In conventional superconductors, the electron pairing interaction is mediated by an exchange of phonons. In the framework of Eliashberg theory, anomalies in the charge excitation spectrum, probed by tunneling and optical conductivity measurements, were directly connected to the density of phonons, measured by inelastic neutron scattering, thereby providing evidence for the leading role of electron-phonon coupling in these materials. In high-Tc cuprates, on the other hand, the mechanism responsible for superconductivity is still unknown despite 20 years of intensive research.

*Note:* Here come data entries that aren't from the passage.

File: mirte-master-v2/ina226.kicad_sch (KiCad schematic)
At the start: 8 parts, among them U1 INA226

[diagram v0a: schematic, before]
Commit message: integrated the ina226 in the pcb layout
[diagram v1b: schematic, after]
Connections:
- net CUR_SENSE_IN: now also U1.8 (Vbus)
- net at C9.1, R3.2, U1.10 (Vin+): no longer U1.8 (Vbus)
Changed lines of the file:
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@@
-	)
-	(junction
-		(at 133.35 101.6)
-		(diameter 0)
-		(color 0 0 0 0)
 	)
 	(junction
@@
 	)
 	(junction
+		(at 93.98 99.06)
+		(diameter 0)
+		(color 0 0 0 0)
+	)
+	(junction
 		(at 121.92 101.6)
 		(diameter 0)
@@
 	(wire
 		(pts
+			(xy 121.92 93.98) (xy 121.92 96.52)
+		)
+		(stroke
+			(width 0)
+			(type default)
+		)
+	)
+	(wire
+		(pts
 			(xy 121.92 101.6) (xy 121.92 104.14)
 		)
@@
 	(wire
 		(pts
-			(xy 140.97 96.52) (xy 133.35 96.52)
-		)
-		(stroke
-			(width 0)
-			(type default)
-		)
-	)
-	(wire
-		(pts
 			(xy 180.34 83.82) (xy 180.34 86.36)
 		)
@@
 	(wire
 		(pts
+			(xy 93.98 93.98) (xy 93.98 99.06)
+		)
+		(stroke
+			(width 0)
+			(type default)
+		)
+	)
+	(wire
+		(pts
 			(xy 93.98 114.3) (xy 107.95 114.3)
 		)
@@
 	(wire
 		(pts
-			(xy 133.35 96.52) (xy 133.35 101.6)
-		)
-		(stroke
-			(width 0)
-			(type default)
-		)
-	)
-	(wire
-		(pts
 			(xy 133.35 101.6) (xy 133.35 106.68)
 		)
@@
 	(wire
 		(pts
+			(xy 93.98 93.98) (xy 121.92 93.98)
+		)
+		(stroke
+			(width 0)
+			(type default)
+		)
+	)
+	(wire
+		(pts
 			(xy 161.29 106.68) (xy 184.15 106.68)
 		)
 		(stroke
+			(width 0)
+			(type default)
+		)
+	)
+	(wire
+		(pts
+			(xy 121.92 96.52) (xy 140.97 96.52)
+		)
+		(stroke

Nevertheless, the observed structure of the low-energy electron spectrum is often considered to be the fingerprint of a strong electron coupling to some boson, which in turn is suspected to be a mediator of the SC pairing. In those materials, strong antiferromagnetic (AF) spin fluctuations, termed “spin-resonance” modes, were observed in the SC state by inelastic neutron scattering. Following early theoretical studies carried out at LLB, these excitations are now well understood as triplet excitons. The theory group has recently developed an improved version of the Eliashberg theory, and has shown [1] that spin-resonance modes could explain significant anomalies observed in the SC high-Tc cuprates: the d-wave SC pairing, the U-shaped angular dependence of the SC gap, the anomalous form of the electron density of states, and the renormalization of the electronic dispersion. This work establishes the scenario of spin-resonance–mediated superconductivity on solid theoretical grounds.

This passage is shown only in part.